You can limit access to the keys based on IAM instance profiles. So that only
certain instances can access specific credentials.

------
yeukhon
Anything secret involves a master key. If you don't trust AWS, then you need
to supply your own master key. But for most setup, IMO, you should just let
AWS handle the key management, and you use role to decrypt. Rotation is a big
deal though. For server, SSH key can be encrypted in KMS and we either
completely replace the box, or we rotate one box at a time. For DB servers,
it's important to choose a DB that can stream data to a new box with as little
impact as possible (or allows replication).
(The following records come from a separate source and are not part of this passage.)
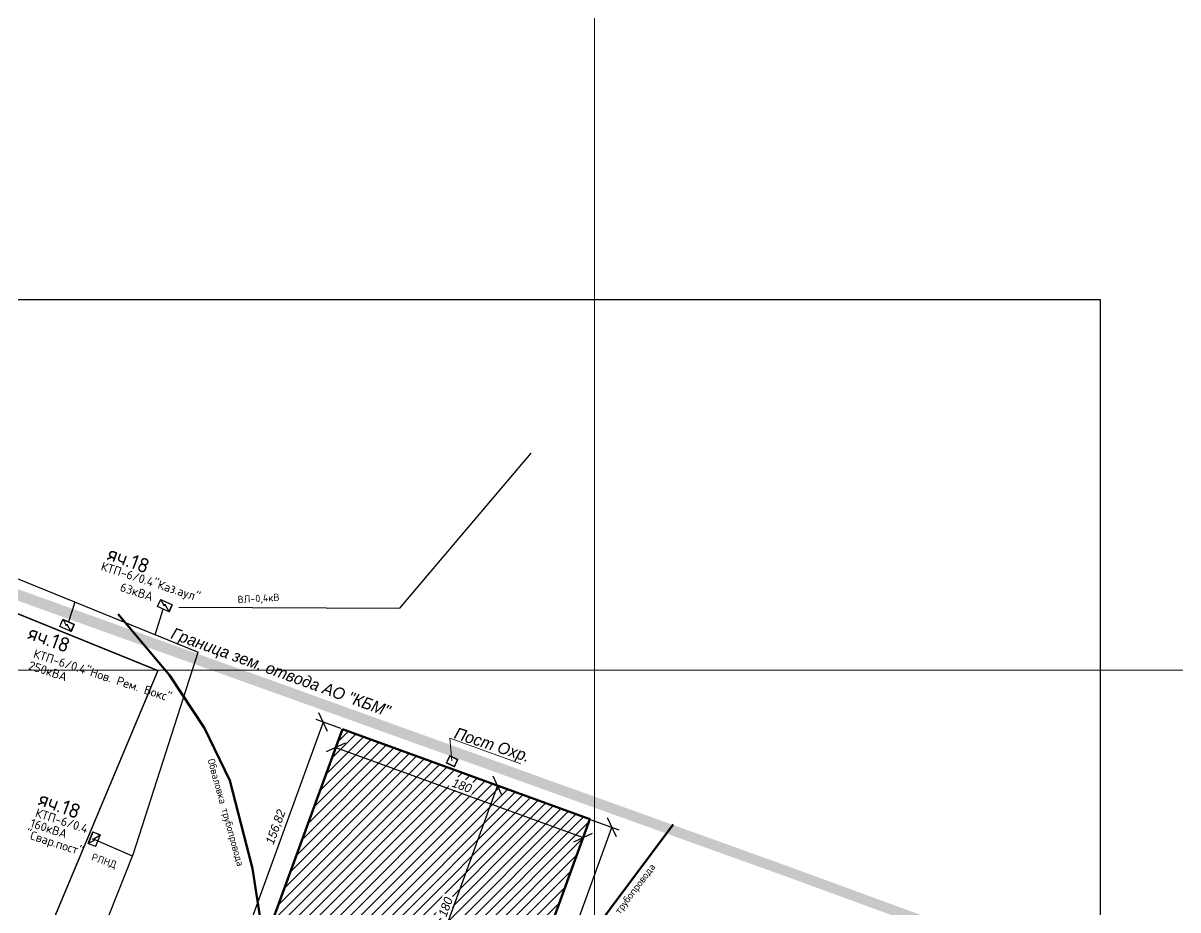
# Model space of a CAD drawing. Header units: millimetres. Extents: x 519 to 9564855, y -810 to 5021775.
# Drawn here: x 9523610 to 9524399, y 5006836 to 5007442 of the extents above; entities that cross this region are included whole.
import ezdxf

# ---------------------------------------------------------------- set-up
doc = ezdxf.new("R2010")
doc.units = ezdxf.units.MM
doc.header["$LTSCALE"] = 2
doc.header["$MEASUREMENT"] = 0
doc.header["$PDMODE"] = 2
doc.header["$PDSIZE"] = 5
for name, pattern in [('92051501$0$GROUND2', [35, 25, -10]), ('DASHED', [0.75, 0.5, -0.25]), ('HIDDEN2', [4.7625, 3.175, -1.5875])]:
    doc.linetypes.add(name, pattern=pattern)
for name, color, linetype in [('0_ANNOT_Dimensions', 7, 'Continuous'), ('COMPOUND', 3, 'Continuous'), ('GRID_PULKOVO', 7, 'Continuous'), ('ROAD_FIELD', 255, '92051501$0$GROUND2')]:
    doc.layers.add(name, color=color, linetype=linetype)
for name, color, linetype, lineweight in [('Land lease as of 24.06.2004', 47, 'HIDDEN2', 70), ('Электро', 1, 'Continuous', 30), ('Электроснаб', 1, 'Continuous', 18), ('Электроснабжене', 1, 'Continuous', 18)]:
    doc.layers.add(name, color=color, linetype=linetype, lineweight=lineweight)
doc.styles.add('GeoApp', font='', dxfattribs={"height": 1})
doc.styles.add('Line_GUGK', font='')
doc.styles.get("Standard").update_dxf_attribs({"font": 'isocpeur.ttf', "width": 0.5})
doc.styles.get('GeoApp').set_extended_font_data('D431', italic=True)
doc.styles.get('Line_GUGK').set_extended_font_data('Bm431', italic=True)
doc.dimstyles.new('ISO-25', dxfattribs={"dimtxt": 15, "dimasz": 10, "dimexe": 5, "dimexo": 5, "dimgap": 5, "dimtad": 1, "dimtxsty": 'Standard', "dimblk": 'OBLIQUE', "dimcen": 50, "dimadec": 0, "dimazin": 0, "dimtfac": 1, "dimtmove": 0, "dimatfit": 3, "dimfxl": 0, "dimarcsym": 0})

# ---------------------------------------------------------------- blocks, each defined once
blk = doc.blocks.new('_Oblique')
at = {"color": 0, "linetype": 'ByBlock', "lineweight": -2}
blk.add_line((-0.5, -0.5), (0.5, 0.5), dxfattribs=at)
blk = doc.blocks.new('*D94')
at = {"color": 0, "lineweight": -2, "transparency": 16777216}
for p, q in [((9523955.61, 5006737.93), (9524011.93, 5006892.51)), ((9523997.76, 5006897.67), (9524016.63, 5006890.8)), ((9523941.44, 5006743.09), (9523960.31, 5006736.22))]:
    blk.add_line(p, q, dxfattribs=at)
at = {"layer": 'DEFPOINTS', "color": 0, "linetype": 'ByBlock', "lineweight": 0, "transparency": 16777216}
for p in [(9523996.82, 5006898.02), (9524011.93, 5006892.51), (9523940.5, 5006743.43)]:
    blk.add_point(p, dxfattribs=at)
at = {"color": 0, "linetype": 'ByBlock', "lineweight": -2, "transparency": 16777216, "xscale": 10, "yscale": 10, "zscale": 10}
for p, rotation in [((9524011.93, 5006892.51), 69.98382279216203), ((9523955.61, 5006737.93), 249.983822792162)]:
    blk.add_blockref('_Oblique', p, dxfattribs=dict(at, rotation=rotation))
at = {"color": 0, "linetype": 'ByBlock', "lineweight": 0, "transparency": 16777216, "insert": (9523978.54, 5006817.13), "char_height": 6, "attachment_point": 5, "rotation": 69.98382, "style": 'Line_GUGK', "bg_fill": 3, "box_fill_scale": 1.25, "bg_fill_color": 256, "bg_fill_true_color": 13158600, "bg_fill_transparency": 0}
blk.add_mtext('164,52', dxfattribs=at)
blk = doc.blocks.new('*D96')
at = {"color": 0, "lineweight": -2, "transparency": 16777216}
for p, q in [((9523814.59, 5006964.4), (9523760.91, 5006817.05)), ((9523826.75, 5006959.97), (9523809.89, 5006966.11)), ((9523773.07, 5006812.62), (9523756.21, 5006818.77))]:
    blk.add_line(p, q, dxfattribs=at)
at = {"layer": 'DEFPOINTS', "color": 0, "linetype": 'ByBlock', "lineweight": 0, "transparency": 16777216}
for p in [(9523827.69, 5006959.63), (9523760.91, 5006817.05), (9523774.01, 5006812.28)]:
    blk.add_point(p, dxfattribs=at)
at = {"color": 0, "linetype": 'ByBlock', "lineweight": -2, "transparency": 16777216, "xscale": 10, "yscale": 10, "zscale": 10}
for p, rotation in [((9523814.59, 5006964.4), 69.98382279340841), ((9523760.91, 5006817.05), 249.9838227934084)]:
    blk.add_blockref('_Oblique', p, dxfattribs=dict(at, rotation=rotation))
at = {"color": 0, "linetype": 'ByBlock', "lineweight": 0, "transparency": 16777216, "insert": (9523782.51, 5006892.63), "char_height": 6, "attachment_point": 5, "rotation": 69.98382, "style": 'Line_GUGK', "bg_fill": 3, "box_fill_scale": 1.25, "bg_fill_color": 256, "bg_fill_true_color": 13158600, "bg_fill_transparency": 0}
blk.add_mtext('156,82', dxfattribs=at)
blk = doc.blocks.new('*D97')
at = {"color": 0, "lineweight": -2, "transparency": 16777216}
for p, q in [((9523827.35, 5006958.69), (9523821.42, 5006942.42)), ((9523823.13, 5006947.11), (9523992.26, 5006885.5)), ((9523996.48, 5006897.08), (9523990.55, 5006880.8))]:
    blk.add_line(p, q, dxfattribs=at)
at = {"layer": 'DEFPOINTS', "color": 0, "linetype": 'ByBlock', "lineweight": 0, "transparency": 16777216}
for p in [(9523827.69, 5006959.63), (9523996.82, 5006898.02), (9523992.26, 5006885.5)]:
    blk.add_point(p, dxfattribs=at)
at = {"color": 0, "linetype": 'ByBlock', "lineweight": -2, "transparency": 16777216, "xscale": 10, "yscale": 10, "zscale": 10}
for p, rotation in [((9523823.13, 5006947.11), 159.9838227928883), ((9523992.26, 5006885.5), 339.9838227928882)]:
    blk.add_blockref('_Oblique', p, dxfattribs=dict(at, rotation=rotation))
at = {"color": 0, "linetype": 'ByBlock', "lineweight": 0, "transparency": 16777216, "insert": (9523909.41, 5006921.01), "char_height": 6, "attachment_point": 5, "rotation": 339.98382, "style": 'Line_GUGK', "bg_fill": 3, "box_fill_scale": 1.25, "bg_fill_color": 256, "bg_fill_true_color": 13158600, "bg_fill_transparency": 0}
blk.add_mtext('180', dxfattribs=at)
blk = doc.blocks.new('*D98')
at = {"color": 0, "lineweight": -2, "transparency": 16777216}
for p, q in [((9523933.71, 5006921.01), (9523872.09, 5006751.88)), ((9523929.41, 5006922.57), (9523938.4, 5006919.3)), ((9523867.8, 5006753.44), (9523876.79, 5006750.17))]:
    blk.add_line(p, q, dxfattribs=at)
at = {"layer": 'DEFPOINTS', "color": 0, "linetype": 'ByBlock', "lineweight": 0, "transparency": 16777216}
for p in [(9523928.47, 5006922.91), (9523866.86, 5006753.79), (9523872.09, 5006751.88)]:
    blk.add_point(p, dxfattribs=at)
at = {"color": 0, "linetype": 'ByBlock', "lineweight": -2, "transparency": 16777216, "xscale": 10, "yscale": 10, "zscale": 10}
for p, rotation in [((9523933.71, 5006921.01), 69.9838227926853), ((9523872.09, 5006751.88), 249.9838227926853)]:
    blk.add_blockref('_Oblique', p, dxfattribs=dict(at, rotation=rotation))
at = {"color": 0, "linetype": 'ByBlock', "lineweight": 0, "transparency": 16777216, "insert": (9523898.2, 5006838.15), "char_height": 6, "attachment_point": 5, "rotation": 69.98382, "style": 'Line_GUGK', "bg_fill": 3, "box_fill_scale": 1.25, "bg_fill_color": 256, "bg_fill_true_color": 13158600, "bg_fill_transparency": 0}
blk.add_mtext('180', dxfattribs=at)
blk = doc.blocks.new('*D107')
at = {"layer": '0_ANNOT_Dimensions', "color": 0, "lineweight": -2, "transparency": 16777216}
for p, q in [((9523314.06, 5006886.19), (9523320.3, 5006901.39)), ((9523318.4, 5006896.76), (9524318.55, 5006485.95)), ((9524314.21, 5006475.39), (9524320.45, 5006490.58))]:
    blk.add_line(p, q, dxfattribs=at)
at = {"layer": 'DEFPOINTS', "color": 0, "lineweight": 25, "transparency": 16777216}
for p in [(9523312.16, 5006881.57), (9524318.55, 5006485.95), (9524312.31, 5006470.76)]:
    blk.add_point(p, dxfattribs=at)
at = {"layer": '0_ANNOT_Dimensions', "color": 0, "lineweight": -2, "transparency": 16777216, "xscale": 10, "yscale": 10, "zscale": 10}
for p, rotation in [((9523318.4, 5006896.76), 157.6697679268706), ((9524318.55, 5006485.95), 337.6697679268705)]:
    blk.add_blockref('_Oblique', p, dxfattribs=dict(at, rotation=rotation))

But these takes time to develop (I
can't use container to host DB or critical applications because the network
performance, at least a year ago).

BTW Mozilla's sops [1] is quite interesting. I've been testing this for a
while now.

[1]: [https://github.com/mozilla/sops](https://github.com/mozilla/sops)

------
disordr
The AWS EC2 Systems Manager Service and the Parameter store:
[https://aws.amazon.com/ec2/systems-manager/parameter-
store/](https://aws.amazon.com/ec2/systems-manager/parameter-store/) is a
great way to store secrets with integrated encryption provided by KMS.

------
arianvanp
It's not really clear for me from the docs. But can you now use kubernetes
secrets to not be stored in etcd but in vault? Or is just the token retrieval
part fixed? The docs are a bit terse and don't mention much stuff on how you'd
actually use it.

If I create a kubernetes secret will it be stored in vault if I set some magic
switch? Or are we not there yet?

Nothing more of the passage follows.